Like most of the country, I didn’t know who Amanda Gorman was before Tuesday, January 20. At any given time I could tell you a few of my favorite poems, a few of my favorite poets, but I couldn’t tell you who the current poet laureate or youth poet laureate is. I couldn’t even tell you who the poet in residence on The West Wing was, and I’ve seen that whole series three times. But I can tell you that despite my best efforts to be nonplussed by everything inaugural, I was legitimately excited to see that the youngest inaugural poet ever was a female person of color, and excited that I identified a lot with her story.

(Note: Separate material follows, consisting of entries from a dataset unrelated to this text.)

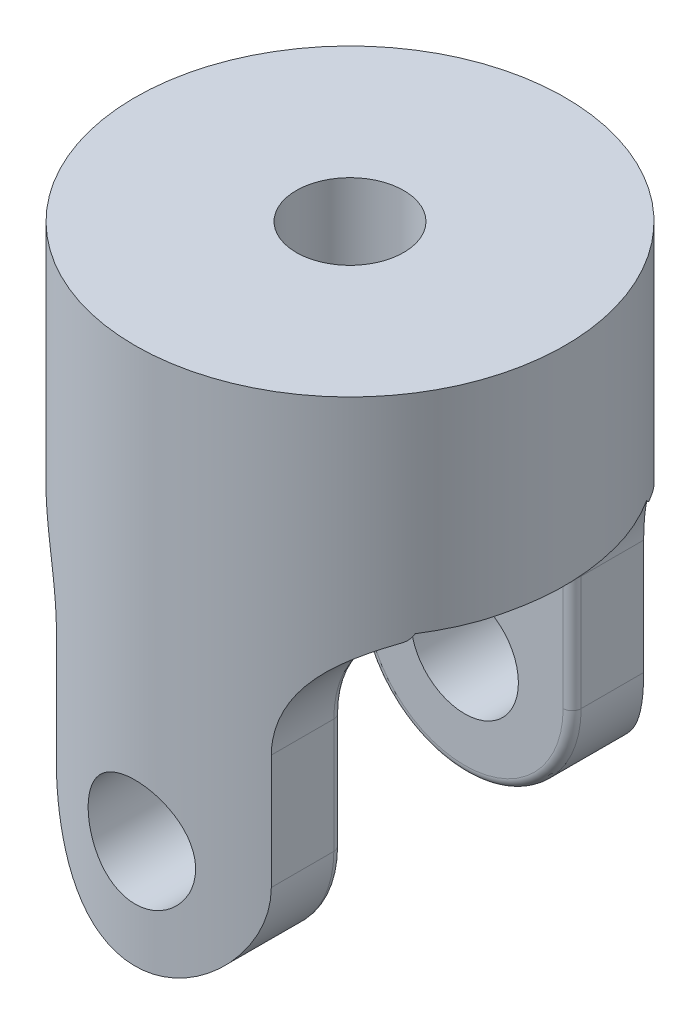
ISO-10303-21;
HEADER;
FILE_DESCRIPTION(('STEP AP214'),'2;1');
FILE_NAME('part.step','',(''),(''),'','','');
FILE_SCHEMA(('AUTOMOTIVE_DESIGN { 1 0 10303 214 1 1 1 1 }'));
ENDSEC;
DATA;
#1=APPLICATION_CONTEXT('core data for automotive mechanical design processes');
#2=APPLICATION_PROTOCOL_DEFINITION('international standard','automotive_design',2000,#1);
#3=PRODUCT_CONTEXT('',#1,'mechanical');
#4=PRODUCT('Part','Part','',(#3));
#5=PRODUCT_RELATED_PRODUCT_CATEGORY('part','',(#4));
#6=PRODUCT_DEFINITION_FORMATION('','',#4);
#7=PRODUCT_DEFINITION_CONTEXT('part definition',#1,'design');
#8=PRODUCT_DEFINITION('design','',#6,#7);
#9=PRODUCT_DEFINITION_SHAPE('','',#8);
#10=(LENGTH_UNIT() NAMED_UNIT(*) SI_UNIT(.MILLI.,.METRE.));
#11=(NAMED_UNIT(*) PLANE_ANGLE_UNIT() SI_UNIT($,.RADIAN.));
#12=(NAMED_UNIT(*) SI_UNIT($,.STERADIAN.) SOLID_ANGLE_UNIT());
#13=UNCERTAINTY_MEASURE_WITH_UNIT(LENGTH_MEASURE(1.E-05),#10,'distance_accuracy_value','');
#14=(GEOMETRIC_REPRESENTATION_CONTEXT(3) GLOBAL_UNCERTAINTY_ASSIGNED_CONTEXT((#13)) GLOBAL_UNIT_ASSIGNED_CONTEXT((#10,
#11,#12)) REPRESENTATION_CONTEXT('',''));
#15=CARTESIAN_POINT('',(0.,0.,0.));
#16=DIRECTION('',(0.,0.,1.));
#17=DIRECTION('',(1.,0.,0.));
#18=AXIS2_PLACEMENT_3D('',#15,#16,#17);
#19=CARTESIAN_POINT('',(0.,47.6250000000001,0.));
#20=DIRECTION('',(0.,-1.,0.));
#21=DIRECTION('',(0.,0.,-1.));
#22=AXIS2_PLACEMENT_3D('',#19,#20,#21);
#23=CYLINDRICAL_SURFACE('',#22,19.05);
#24=CARTESIAN_POINT('',(0.,14.2875,-19.05));
#25=CARTESIAN_POINT('',(-0.263131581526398,14.2874926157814,-19.0499955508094));
#26=CARTESIAN_POINT('',(-0.526345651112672,14.2656193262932,-19.0444938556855));
#27=CARTESIAN_POINT('',(-1.04523007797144,14.1788351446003,-19.0230796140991));
#28=CARTESIAN_POINT('',(-1.3008960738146,14.1138998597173,-19.0071611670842));
#29=CARTESIAN_POINT('',(-1.79711626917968,13.9432053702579,-18.966676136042));
#30=CARTESIAN_POINT('',(-2.03768821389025,13.837495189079,-18.9421199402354));
#31=CARTESIAN_POINT('',(-2.49768401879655,13.5884240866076,-18.886974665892));
#32=CARTESIAN_POINT('',(-2.71710716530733,13.4450618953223,-18.8563853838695));
#33=CARTESIAN_POINT('',(-3.13309611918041,13.121637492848,-18.7917903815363));
#34=CARTESIAN_POINT('',(-3.32916431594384,12.940945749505,-18.757731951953));
#35=CARTESIAN_POINT('',(-3.68855284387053,12.5493392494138,-18.6903874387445));
#36=CARTESIAN_POINT('',(-3.85186947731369,12.3384210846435,-18.6571014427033));
#37=CARTESIAN_POINT('',(-4.14345927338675,11.8884851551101,-18.5945391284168));
#38=CARTESIAN_POINT('',(-4.27117578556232,11.6490964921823,-18.5653297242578));
#39=CARTESIAN_POINT('',(-4.48436018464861,11.1513987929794,-18.514996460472));
#40=CARTESIAN_POINT('',(-4.56983482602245,10.8930927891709,-18.4938713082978));
#41=CARTESIAN_POINT('',(-4.69441160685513,10.3703643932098,-18.4626401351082));
#42=CARTESIAN_POINT('',(-4.73440845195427,10.1061682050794,-18.4523218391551));
#43=CARTESIAN_POINT('',(-4.76968113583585,9.57462979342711,-18.443237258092));
#44=CARTESIAN_POINT('',(-4.76496425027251,9.3072880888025,-18.4444690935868));
#45=CARTESIAN_POINT('',(-4.71165721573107,8.78390481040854,-18.458154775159));
#46=CARTESIAN_POINT('',(-4.66413323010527,8.5277464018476,-18.4703359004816));
#47=CARTESIAN_POINT('',(-4.52826179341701,8.02715866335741,-18.5041130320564));
#48=CARTESIAN_POINT('',(-4.43991143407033,7.7827301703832,-18.5257097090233));
#49=CARTESIAN_POINT('',(-4.22398659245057,7.30968179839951,-18.5761348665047));
#50=CARTESIAN_POINT('',(-4.09602516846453,7.08124640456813,-18.6050341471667));
#51=CARTESIAN_POINT('',(-3.80478117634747,6.64870809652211,-18.6667683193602));
#52=CARTESIAN_POINT('',(-3.64149242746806,6.44460944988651,-18.6996038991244));
#53=CARTESIAN_POINT('',(-3.27870637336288,6.06042852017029,-18.7666592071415));
#54=CARTESIAN_POINT('',(-3.07830936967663,5.88119699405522,-18.8008917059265));
#55=CARTESIAN_POINT('',(-2.64989283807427,5.55872255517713,-18.8660394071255));
#56=CARTESIAN_POINT('',(-2.42187246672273,5.41548074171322,-18.8969545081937));
#57=CARTESIAN_POINT('',(-1.94346794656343,5.16873938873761,-18.9521379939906));
#58=CARTESIAN_POINT('',(-1.69300967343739,5.0653780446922,-18.9763831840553));
#59=CARTESIAN_POINT('',(-1.17753132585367,4.9024625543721,-19.0153263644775));
#60=CARTESIAN_POINT('',(-0.9125140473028,4.84290002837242,-19.0300261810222));
#61=CARTESIAN_POINT('',(-0.382714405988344,4.7705722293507,-19.0479521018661));
#62=CARTESIAN_POINT('',(-0.118099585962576,4.75664839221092,-19.0514621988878));
#63=CARTESIAN_POINT('',(0.409679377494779,4.77281558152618,-19.0474220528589));
#64=CARTESIAN_POINT('',(0.672843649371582,4.80290264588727,-19.0398728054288));
#65=CARTESIAN_POINT('',(1.18622530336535,4.90528263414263,-19.0147442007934));
#66=CARTESIAN_POINT('',(1.43657675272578,4.97694351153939,-18.9973151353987));
#67=CARTESIAN_POINT('',(1.92169190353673,5.15971499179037,-18.9543914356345));
#68=CARTESIAN_POINT('',(2.15645402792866,5.2708295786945,-18.928895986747));
#69=CARTESIAN_POINT('',(2.6083359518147,5.53159970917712,-18.8719875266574));
#70=CARTESIAN_POINT('',(2.82506877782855,5.68190415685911,-18.8404775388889));
#71=CARTESIAN_POINT('',(3.23064699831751,6.015957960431,-18.7751881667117));
#72=CARTESIAN_POINT('',(3.41948756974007,6.199713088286,-18.7414083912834));
#73=CARTESIAN_POINT('',(3.76869505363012,6.60083122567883,-18.6743643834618));
#74=CARTESIAN_POINT('',(3.92824927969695,6.81890845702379,-18.6411331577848));
#75=CARTESIAN_POINT('',(4.20849665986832,7.27942611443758,-18.5798738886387));
#76=CARTESIAN_POINT('',(4.32919153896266,7.52186545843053,-18.5518456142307));
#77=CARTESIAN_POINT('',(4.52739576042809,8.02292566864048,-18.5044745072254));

Granted, she is from Los Angeles and I am from about the furthest thing from Los Angeles. She grew up with a single mom; I grew up with a single dad. But like Gorman, I fell in love with poetry from a very young age (although my very young age was much before Amanda’s) because it felt like one of the only ways I could truly express myself. I wrote a ton of (really bad) poems as a kid, as an adolescent, and beyond. I still write bad poems when there’s a really big feeling I have that I don’t know how else to get through. For every poem I have had published, there are 20 more sitting in a folder.
And like Gorman, I have a speech impediment, too. Sometimes my stutter is barely noticeable if I am relaxed, not overthinking my speech, and talking to people I know, like when I read books to my kids. Other times, especially when I am talking to new people or speaking up in front of people, my brain will completely short-circuit my speech and cripple my ability to get through certain sounds without stuttering. And the longer I am away from regularly talking to people, like a whole year working from home in quarantine, the worse my stutter gets. It’s like, 18 months away, but I am already dreading doing book readings for Community Klepto and stuttering over certain words. Good thing I didn’t name my protagonist Millie or Rachel.
Poetry is a very solitary, deeply personal art. For most poets, it’s one of the only ways to express feelings and emotions they may not even consciously know they’re feeling. Refining a poem to use just the right words in a very concise form is long, tedious work. “The Hill We Climb” wasn’t written overnight. I’m no Amanda Gorman, but a poem of that length would have taken me weeks, maybe months. When we see a poem like “The Hill We Climb” read aloud for a few minutes on a national stage for the whole world to see, it’s easy to forget the long, lonely work of turning those personal thoughts into something worth reading. Watching someone who’s fought struggles with speech read her heart’s work so passionately and eloquently in front of the entire world… that’s incredibly inspiring to me.
It’s become part of my weekday monthly routine to listen to a poetry podcast while I walk around the block, drink my coffee, and wake the fuck up. Hearing Padraig O’Tuama read on Poetry Unbound sets the tone for the rest of my day and it’s been a great way to get introduced to new poets beyond the Seamus Haney and Emily Dickinson I had to read in college. Poets, especially modern poets, don’t get a lot of respect. They’re viewed as weirdos (and to be fair, some are – I distinctly remember going to a slam poetry open mic for extra credit and hearing a very hairy dude tell us not to clap for him because he was not a poet, but a conduit for a higher power). It’s easy to see poetry as something kitschy or woke or elitist. But after Tuesday, more people bought poetry than ever, and a 22-year-old poet is going to be taking her kitschy, woke, elitist work straight to the bank. And that’s awesome.